Center controllers I know are frustrated by the time delay, as it sometimes hinders their ability to provide service. NEXRAD is accurate and is excellent for rerouting traffic around large areas of weather, but many of the finer details--like shooting the gap--become riskier.
Knowing the kind of weather information that's being provided can help you make informed, safer decisions.
Since radars only depict wet stuff, what about other factors like ceilings, visibility, temperature, dew point, and wind?
ATC gets that kind of information the same way pilots do--METARs and relevant SPECIs generated by a network of automated weather stations around the country, the newer model of which is called the Automated Surface Observation System (ASOS). These sensor arrays constantly collect and process weather conditions. TRACONs and Center controllers have easy access to weather reports from stations in their airspace.
Now, weather's literally a fluid thing, and even the fanciest ASOS can miss the nuances. When an ASOS is located on a towered airport property, the control tower often has direct access to its output. Tower controllers are constantly monitoring the automated sensors and verifying if the ASOS data matches the world outside their cab windows.
Controllers with this responsibility are certified weather observers via the FAA's Limited Aviation Weather Reporting Station program. This gives us the power to manually edit the ASOS info before it gets transmitted as a METAR or SPECI.
We essentially "trust but verify." For instance, the ceilometer on our airport ASOS that measures cloud ceilings has a narrow horizontal range. The ceiling could be 1000 feet broken, but if there just happens to be a gap in the clouds directly above it, it'll report clear skies
The visibility sensors are equally twitchy. It could be a beautiful VFR morning, but one patch of ground fog over the sensor could yield "VISIBILITY 1/4 MILE" and indefinite ceilings. When the ASOS data isn't matching reality, our tower controllers will edit the output data before it winds up in anyone else's hands.
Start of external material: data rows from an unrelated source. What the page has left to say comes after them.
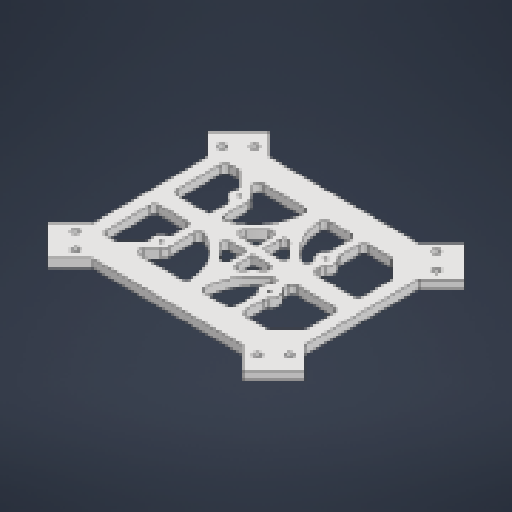
# Autodesk Inventor part: Base
Saved by Autodesk Inventor 2023 (Build 270158000, 158)
## iProperties
Created: 2023-01-21
Part Number: Base
Material: Generic
Document SubType Name: Modeling
Designer: Michael
Density: 1 g/cm^3
Appearance: Default
Author: Michael
Autodesk Inventor part; units mm, degrees
ref_plane "YZ Plane" through (0, 0, 0) normal (1, 0, 0) x (0, 1, 0)
ref_plane "XZ Plane" through (0, 0, 0) normal (0, 1, 0) x (-1, 0, 0)
ref_plane "XY Plane" through (0, 0, 0) normal (0, 0, 1) x (1, 0, 0)
sketch "Sketch1" plane through (0, 0, 0) normal (0, 1, 0) x (-1, 0, 0)
  line L0 (0, 0) -> (152.4, 0)
  line L1 (152.4, 0) -> (152.4, -127)
  line L2 (152.4, -127) -> (0, -127)
  line L3 (0, -127) -> (0, 0)
  circle A0 centre (10.775, -127.8974) radius 2.4765
  circle A1 centre (-0.8987, -116.2224) radius 2.4765
  circle A2 centre (-0.8987, -10.7776) radius 2.4765
  circle A3 centre (10.775, 0.8974) radius 2.4765
  line L4 (76.2, -127) -> (76.2, -50.8058)
  line L5 (152.4, -63.5) -> (91.8437, -63.5)
  line L6 (152.4, 0) -> (0, 0)
  circle A4 centre (10.775, 0.8974) radius 2.4765
  circle A5 centre (-0.8987, -10.7776) radius 2.4765
  line L7 (168.6133, -143.1442) -> (95.3909, -143.1442)
  line L8 (57.0091, -143.1442) -> (6.2091, -143.1442)
  circle A6 centre (153.2987, -10.7776) radius 2.4765
  circle A7 centre (141.625, 0.8974) radius 2.4765
  circle A8 centre (141.625, 0.8974) radius 2.4765
  circle A9 centre (153.2987, -10.7776) radius 2.4765
  line L9 (0, -127) -> (152.4, -127)
  circle A10 centre (-0.8987, -116.2224) radius 2.4765
  circle A11 centre (10.775, -127.8974) radius 2.4765
  circle A12 centre (10.775, -127.8974) radius 2.4765
  circle A13 centre (-0.8987, -116.2224) radius 2.4765
  line L10 (152.4, -127) -> (0, -127)
  line L11 (95.3909, -143.1442) -> (168.6133, -143.1442)
  line L12 (6.2091, -143.1442) -> (57.0091, -143.1442)
  line L13 (6.2832, 16.1645) -> (22.4494, 0)
  line L14 (22.4494, 0) -> (0, -22.4519)
  line L15 (0, -22.4519) -> (-16.1663, -6.2874)
  line L16 (-16.1663, -6.2874) -> (6.2832, 16.1645)
  line L17 (152.4, 0) -> (0, 0)
  line L18 (152.4, -127) -> (152.4, 0)
  circle A14 centre (153.2987, -10.7776) radius 2.4765
  circle A15 centre (141.625, 0.8974) radius 2.4765
  circle A16 centre (141.625, 0.8974) radius 2.4765
  circle A17 centre (153.2987, -10.7776) radius 2.4765
  line L19 (0, 0) -> (152.4, 0)
  line L20 (146.1168, 16.1645) -> (129.9506, 0)
  line L21 (129.9506, 0) -> (152.4, -22.4519)
  line L22 (152.4, -22.4519) -> (168.5663, -6.2874)
  line L23 (168.5663, -6.2874) -> (146.1168, 16.1645)
  line L24 (0, -127) -> (152.4, -127)
  circle A18 centre (-0.8987, -116.2224) radius 2.4765
  circle A19 centre (10.775, -127.8974) radius 2.4765
  circle A20 centre (10.775, -127.8974) radius 2.4765
  circle A21 centre (-0.8987, -116.2224) radius 2.4765
  line L25 (152.4, -127) -> (0, -127)
  circle A22 centre (153.2987, -116.2224) radius 2.4765
  circle A23 centre (153.2987, -116.2224) radius 2.4765
  circle A24 centre (141.625, -127.8974) radius 2.4765
  circle A25 centre (141.625, -127.8974) radius 2.4765
  line L26 (6.2832, -143.1645) -> (22.4494, -127)
  line L27 (22.4494, -127) -> (0, -104.5481)
  line L28 (0, -104.5481) -> (-16.1663, -120.7126)
  line L29 (-16.1663, -120.7126) -> (6.2832, -143.1645)
  line L30 (152.4, -127) -> (0, -127)
  line L31 (0, -127) -> (152.4, -127)
  circle A26 centre (153.2987, -116.2224) radius 2.4765
  circle A27 centre (141.625, -127.8974) radius 2.4765
  circle A28 centre (141.625, -127.8974) radius 2.4765
  circle A29 centre (153.2987, -116.2224) radius 2.4765
  line L32 (129.9506, -127) -> (152.4, -104.5481)
  line L33 (146.1168, -143.1645) -> (129.9506, -127)
  line L34 (152.4, -104.5481) -> (168.5663, -120.7126)
  line L35 (168.5663, -120.7126) -> (146.1168, -143.1645)
  point P0 (76.2, 0)
  point P1 (6.2628, -143.1442)
  point P2 (6.3035, -143.1442)
  point P3 (146.0965, -143.1442)
  point P4 (146.1372, -143.1442)
  dimension "d0" = 152.4
  constraints: 72 end point, 43 symmetric about line, 30 centre point, 4 horizontal, 2 midpoint, 2 parallel, 1 perpendicular, 1 vertical, 46 other
  measures "d0" distance of L1.end L2.end
extrude "Extrusion1" add sketch "Sketch1" along normal blind 6.35 contours L14 L3 A2 L0 A3 | L0 A3 L3 A2 L15 L16 L13 | L0 L21 L1 L32 L2 L27 L3 L14 | L20 L23 L22 L1 A6 L0 A7 | L0 A7 L1 A6 L21 | L27 L2 A0 L3 A1 | L3 A1 L2 A0 L26 L8 L29 L28 | L34 L35 L7 L33 L2 A24 L1 A22 | L1 A22 L2 A24 L32
sketch "Sketch11" plane through (0, 6.35, 0) normal (0, 1, 0) x (1, 0, 0)
  line L0 (-129.9506, 0) -> (-22.4494, 0) projected
  line L1 (-22.4494, 0) -> (-4.4879, -17.9595) projected
  line L2 (-4.4879, -17.9595) -> (17.9615, 4.4923) projected
  line L3 (17.9615, 4.4923) -> (0, 22.4519) projected
  line L4 (0, 22.4519) -> (0, 104.5481) projected
  line L5 (0, 104.5481) -> (17.9615, 122.5077) projected
  line L6 (17.9615, 122.5077) -> (-4.4879, 144.9595) projected
  line L7 (-4.4879, 144.9595) -> (-22.4494, 127) projected
  line L8 (-22.4494, 127) -> (-129.9506, 127) projected
  line L9 (-152.4, 104.5481) -> (-152.4, 22.4519) projected
  circle A0 centre (-10.775, -0.8974) radius 2.4765 projected
  circle A1 centre (0.8987, 10.7776) radius 2.4765 projected
  circle A2 centre (0.8987, 116.2224) radius 2.4765 projected
  circle A3 centre (-10.775, 127.8974) radius 2.4765 projected
  line L10 (-150.1188, 15.875) -> (-4.9505, 15.875)
  line L11 (-76.2, 0) -> (-76.2, 8.5621)
  line L12 (-22.4494, 127) -> (-129.9506, 127) projected
  line L13 (-79.375, 60.1756) -> (-104.775, 60.1756)
  line L14 (-79.375, 60.1756) -> (-79.375, 34.7756)
  arc A4 (-79.375, 34.7756) -> (-104.775, 60.1756) centre (-115.8345, 23.716) ccw
  line L15 (-74.8131, 59.9763) -> (-49.4131, 59.9763)
  line L16 (-74.8131, 59.9763) -> (-74.8131, 34.5763)
  arc A5 (-49.4131, 59.9763) -> (-74.8131, 34.5763) centre (-38.3536, 23.5168) ccw
  line L17 (-116.2036, 57.15) -> (-142.875, 57.15)
  line L18 (-82.272, 21.5362) -> (-82.272, 19.05)
  line L19 (-132.389, 19.05) -> (-142.875, 19.05)
  line L20 (-142.875, 19.05) -> (-142.875, 57.15)
  line L21 (-120.6293, 30.8097) -> (-132.389, 19.05)
  line L22 (-116.2036, 41.4682) -> (-116.2036, 57.15)
  line L23 (-82.272, 19.05) -> (-123.4088, 19.05)
  line L24 (-111.4454, 31.0134) -> (-123.4088, 19.05)
  line L25 (-111.4454, 31.0134) -> (-94.5266, 31.0134) construction
  arc A6 (-111.4454, 31.0134) -> (-109.8536, 35.3392) centre (-116.2025, 35.2196) ccw
  line L26 (-109.8536, 57.0906) -> (-109.8536, 35.3392)
  arc A7 (-82.272, 21.5362) -> (-109.8536, 57.0906) centre (-120.4848, 20.3679) ccw
  line L27 (-71.6381, 21.5362) -> (-71.6381, 18.6974)
  arc A8 (-49.4131, 55.641) -> (-71.6381, 21.5362) centre (-33.4125, 20.9198) ccw
  line L28 (-49.4131, 37.748) -> (-49.4131, 18.6974)
  line L29 (-43.0631, 37.6999) -> (-43.0631, 19.05)
  line L30 (-71.6381, 18.6974) -> (-49.4131, 18.6974)
  line L31 (-49.4131, 48.6912) -> (-49.4131, 55.641)
  arc A9 (-49.4131, 48.6912) -> (-49.4131, 37.748) centre (-46.2025, 43.2196) ccw
  arc A10 (-43.0631, 37.6999) -> (-43.0515, 48.7327) centre (-46.2025, 43.2196) ccw
  line L32 (-43.0631, 19.05) -> (-22.9954, 19.05)
  line L33 (-43.0515, 56.8024) -> (-9.525, 56.8024)
  line L34 (-43.0515, 48.7327) -> (-43.0515, 56.8024)
  line L35 (-9.525, 32.5204) -> (-9.525, 56.8024)
  line L36 (-22.9954, 19.05) -> (-9.525, 32.5204)
  line L37 (-22.9954, 19.05) -> (-3.9454, 19.05) construction
  line L38 (-129.9506, 127) -> (-147.9121, 144.9595) projected
  line L39 (-147.9121, 144.9595) -> (-170.3615, 122.5077) projected
  line L40 (-170.3615, 122.5077) -> (-152.4, 104.5481) projected
  line L41 (-152.4, 22.4519) -> (-170.3615, 4.4923) projected
  line L42 (-170.3615, 4.4923) -> (-147.9121, -17.9595) projected
  line L43 (-147.9121, -17.9595) -> (-129.9506, 0) projected
  line L44 (-76.2, 127) -> (-76.2, 0)
  line L45 (-129.9506, 0) -> (0, 0) projected
  line L46 (0, 63.5) -> (-152.4, 63.5)
  circle A11 centre (-46.2025, 43.2196) radius 1
  circle A12 centre (-116.2025, 35.2196) radius 1
  arc A13 (-116.2036, 41.4682) -> (-120.6293, 30.8097) centre (-116.2025, 35.2196) ccw
  line L47 (-22.9954, 107.95) -> (-3.9454, 107.95) construction
  line L48 (-76.2, 0) -> (-76.2, 127)
  line L49 (-79.375, 66.8244) -> (-104.775, 66.8244)
  line L50 (-79.375, 66.8244) -> (-79.375, 92.2244)
  arc A14 (-104.775, 66.8244) -> (-79.375, 92.2244) centre (-115.8345, 103.284) ccw
  arc A15 (-74.8131, 92.4237) -> (-49.4131, 67.0237) centre (-38.3536, 103.4832) ccw
  line L51 (-74.8131, 67.0237) -> (-74.8131, 92.4237)
  line L52 (-74.8131, 67.0237) -> (-49.4131, 67.0237)
  line L53 (-116.2036, 69.85) -> (-142.875, 69.85)
  line L54 (-82.272, 105.4638) -> (-82.272, 107.95)
  line L55 (-132.389, 107.95) -> (-142.875, 107.95)
  line L56 (-142.875, 107.95) -> (-142.875, 69.85)
  line L57 (-120.6293, 96.1903) -> (-132.389, 107.95)
  line L58 (-116.2036, 85.5318) -> (-116.2036, 69.85)
  line L59 (-82.272, 107.95) -> (-123.4088, 107.95)
  line L60 (-111.4454, 95.9866) -> (-123.4088, 107.95)
  line L61 (-111.4454, 95.9866) -> (-94.5266, 95.9866) construction
  arc A16 (-109.8536, 91.6608) -> (-111.4454, 95.9866) centre (-116.2025, 91.7804) ccw
  line L62 (-109.8536, 69.9094) -> (-109.8536, 91.6608)
  arc A17 (-109.8536, 69.9094) -> (-82.272, 105.4638) centre (-120.4848, 106.6321) ccw
  arc A18 (-71.6381, 105.4638) -> (-49.4131, 71.359) centre (-33.4125, 106.0802) ccw
  line L63 (-71.6381, 105.4638) -> (-71.6381, 108.3026)
  line L64 (-49.4131, 89.252) -> (-49.4131, 108.3026)
  line L65 (-43.0631, 89.3001) -> (-43.0631, 107.95)
  line L66 (-71.6381, 108.3026) -> (-49.4131, 108.3026)
  line L67 (-49.4131, 78.3088) -> (-49.4131, 71.359)
  arc A19 (-49.4131, 89.252) -> (-49.4131, 78.3088) centre (-46.2025, 83.7804) ccw
  arc A20 (-43.0515, 78.2673) -> (-43.0631, 89.3001) centre (-46.2025, 83.7804) ccw
  line L68 (-43.0631, 107.95) -> (-22.9954, 107.95)
  line L69 (-43.0515, 70.1976) -> (-9.525, 70.1976)
  line L70 (-43.0515, 78.2673) -> (-43.0515, 70.1976)
  line L71 (-9.525, 94.4796) -> (-9.525, 70.1976)
  line L72 (-22.9954, 107.95) -> (-9.525, 94.4796)
  circle A21 centre (-46.2025, 83.7804) radius 1
  circle A22 centre (-116.2025, 91.7804) radius 1
  arc A23 (-120.6293, 96.1903) -> (-116.2036, 85.5318) centre (-116.2025, 91.7804) ccw
  point P0 (-88.8938, 50.6568)
  point P1 (-102.8973, 47.4818)
  point P2 (-134.4732, 19.05)
  point P3 (-35.0401, 57.1784)
  point P4 (-43.0631, 28.375)
  point P5 (-49.4131, 28.2227)
  point P6 (-27.2644, 63.1524)
  point P7 (-110.1585, 36.9753)
  point P8 (-43.0515, 52.7675)
  point P9 (-88.8938, 76.3432)
  point P10 (-102.8973, 79.5182)
  point P11 (-35.0401, 69.8216)
  point P12 (-43.0631, 98.625)
  point P13 (-49.4131, 98.7773)
  point P14 (-43.0515, 74.2325)
  point P15 (-152.4, 0)
  point P16 (-13.0832, 0)
  point P17 (0, 13.0853)
  point P18 (0, 113.9147)
  point P19 (-13.0832, 127)
  point P20 (-152.4, 127)
  point P21 (-8.4668, 0)
  point P22 (0, 8.4699)
  point P23 (0, 118.5301)
  point P24 (-8.4668, 127)
  point P25 (-139.3168, 0)
  point P26 (0, 127)
  point P27 (-152.4, 8.4699)
  dimension "d109" = 15.875
  dimension "d121" = 25.4
  dimension "d122" = 25.4
  dimension "d123" = 38.1
  dimension "d127" = 3.175
  dimension "d130" = 3.175
  dimension "d131" = 135
  dimension "d133" = 6.35
  dimension "d141" = 3.175
  dimension "d146" = 0
  dimension "d147" = 6.35
  dimension "d150" = 6.35
  dimension "d151" = 3.175
  dimension "d152" = 45
  dimension "d153" = 19.05
  dimension "d156" = 6.344
  dimension "d157" = 6.35
  dimension "d159" = 25.4
  dimension "d160" = 25.4
  dimension "d161" = 38.1
  dimension "d164" = 6.9497
  dimension "d165" = 19.0506
  dimension "d166" = 3.175
  dimension "d167" = 1.3868
  dimension "d168" = 6.35
  dimension "d169" = 16.9188
  dimension "d174" = 6.35
  dimension "d176" = 9.525
  dimension "d177" = 9.525
  constraints: 110 end point, 50 symmetric about line, 33 point on circle, 24 centre point, 8 horizontal, 7 midpoint, 7 perpendicular, 5 vertical, 4 parallel, 4 point on line, 2 coincident, 2 concentric, 2 equal length, 14 other
  measures "d109" distance between parallel lines of L0 L10
  measures "d121" distance of L13.start L13.end
  measures "d122" distance of L13.start L14.end
  measures "d123" radius of A4
  measures "d127" distance between parallel lines of L19 L10
  measures "d130" vertical distance of point (-88.894, 50.657) point (-102.897, 47.482)
  measures "d131" angle of L24 L25
  measures "d133" distance between parallel lines of L21 L24
  measures "d141" distance between parallel lines of L10 L23
  measures "d146" distance from line of L31 L15.end
  measures "d147" horizontal distance of point (-43.063, 28.375) point (-49.413, 28.223)
  measures "d150" distance from line of point (-27.264, 63.152) L33
  measures "d151" distance between parallel lines of L10 L32
  measures "d152" angle of L37 L36
  measures "d153" distance of L32.end L35.start
  measures "d156" radius of A9
  measures "d157" radius of A10
  measures "d159" distance of L16.start L16.end
  measures "d160" distance of L16.start L15.end
  measures "d161" radius of A5
  measures "d164" distance of L31.start L31.end
  measures "d165" distance of L28.start L28.end
  measures "d166" distance between parallel lines of L44 L14
  measures "d167" distance between parallel lines of L44 L16
  measures "d168" radius of A6
  measures "d169" distance of L24.start L23.end
  measures "d174" distance between parallel lines of L26 L22
  measures "d176" distance between parallel lines of L9 L20
  measures "d177" distance between parallel lines of L4 L35
extrude "Extrusion12" cut sketch "Sketch11" against normal blind 17.4625 contours L14 A4 L13 | L15 A5 L16 | L22 A13 L21 L19 L20 L17 | L18 L23 L24 A6 L26 A7 | A8 L31 A9 L28 L30 L27 | A10 L34 L33 L35 L36 L32 L29 | A11 | A12 | L49 A14 L50 | A15 L52 L51 | L53 L56 L55 L57 A23 L58 | A17 L62 A16 L60 L59 L54 | L63 L66 L64 A19 L67 A18 | L65 L68 L72 L71 L69 L70 A20 | A21 | A22
fillet "Fillet2" radius 3.175 49 edges at (-142.875, 3.175, -19.05) (-142.875, 3.175, -57.15) (-116.2036, 3.175, -57.15) (-132.389, 3.175, -19.05) (-116.2036, 3.175, -41.4682) (-120.6293, 3.175, -30.8097) (-123.4088, 3.175, -19.05) (-109.8536, 3.175, -57.0906) (-82.272, 3.175, -19.05) (-104.775, 3.175, -60.1756) (-79.375, 3.175, -34.7756) (-74.8131, 3.175, -34.5763) (-49.4131, 3.175, -59.9763) (-71.6381, 3.175, -18.6974) (-49.4131, 3.175, -18.6974) (-49.4131, 3.175, -55.641) (-49.4131, 3.175, -37.748) (-49.4131, 3.175, -48.6912) (-43.0515, 3.175, -48.7327) (-43.0631, 3.175, -37.6999) (-43.0631, 3.175, -19.05) (-43.0515, 3.175, -56.8024) (-22.9954, 3.175, -19.05) (-9.525, 3.175, -32.5204) (-9.525, 3.175, -56.8024) (-132.389, 3.175, -107.95) (-22.9954, 3.175, -107.95) (-123.4088, 3.175, -107.95) (-142.875, 3.175, -107.95) (-109.8536, 3.175, -69.9094) (-142.875, 3.175, -69.85) (-104.775, 3.175, -66.8244) (-116.2036, 3.175, -85.5318) (-120.6293, 3.175, -96.1903) (-82.272, 3.175, -107.95) (-79.375, 3.175, -92.2244) (-49.4131, 3.175, -108.3026) (-74.8131, 3.175, -92.4237) (-49.4131, 3.175, -67.0237) (-49.4131, 3.175, -89.252) (-49.4131, 3.175, -78.3088) (-49.4131, 3.175, -71.359) (-71.6381, 3.175, -108.3026) (-43.0631, 3.175, -107.95) (-43.0631, 3.175, -89.3001) (-43.0515, 3.175, -78.2673) (-9.525, 3.175, -94.4796) (-43.0515, 3.175, -70.1976) (-9.525, 3.175, -70.1976)
body "Solid1"

One thing to note when a controller issues you precipitation: the precip we're describing may be above or below you. Nature is three dimensional, but our scopes only show two.
In the afternoon thunderstorm example, say you're at five thousand feet. ATC describes the precipitation. You can clearly see the storm off your nose. What if the controller reports the same precip to an airliner at 35,000 feet? That pilot may reply, "Uh ... it's clear up here." He's simply above the storm. We just don't know its vertical scale, so we have to call it anyway to be safe.
Don't Keep Secrets
So, the weather sensor's output can't always be relied upon. Center weather data is laggy. How does ATC confirm what's really out there if they can't determine it on their own?
That's where you come in. An accurate firsthand pilot report can outrank automated weather recording equipment any day of the week. We're inside a building and our sensors are also located on the ground. You're actually up there in the soup, experiencing things firsthand.
If our ASOS is saying the ceiling is broken at 1500 feet, and you tell us you broke out at 1100, don't be surprised to hear "CEILING ELEVEN HUNDRED BROKEN" on the subsequent ATIS broadcast and read "BKNO11" on the latest METAR. Your input really matters.
Controllers are actually required to solicit PIREPs under certain conditions. When the weather drops below a five thousand foot ceiling or five miles of visibility, controllers are supposed to request them every hour. PIREPs are also required when hazardous phenomena such as wind shear, thunderstorms, and icing exist in the area.
In a tower and TRACON environment, we'll typically solicit cloud bases, cloud tops (useful for VFR-on-Top requests), and how the ride is on final. Critical pilot reports are passed between the cab and the radar guys via ATC's internal landlines. If a pilot reports breaking out right at minimums for our ILS approach and she experienced moderate turbulence the whole way down, the tower will pass that on so radar can warn the next aircraft in the approach sequence to prevent surprises.
Centers will solicit much of the same low-altitude data the terminal facilities do, but they'll also contend with high-altitude weather affecting their cruising traffic. When hazardous conditions like icing and turbulence are present, the frequencies can come alive with icing type and severity descriptions and ride reports. Their controllers will be passing that information amongst themselves and on to the pilots in the area.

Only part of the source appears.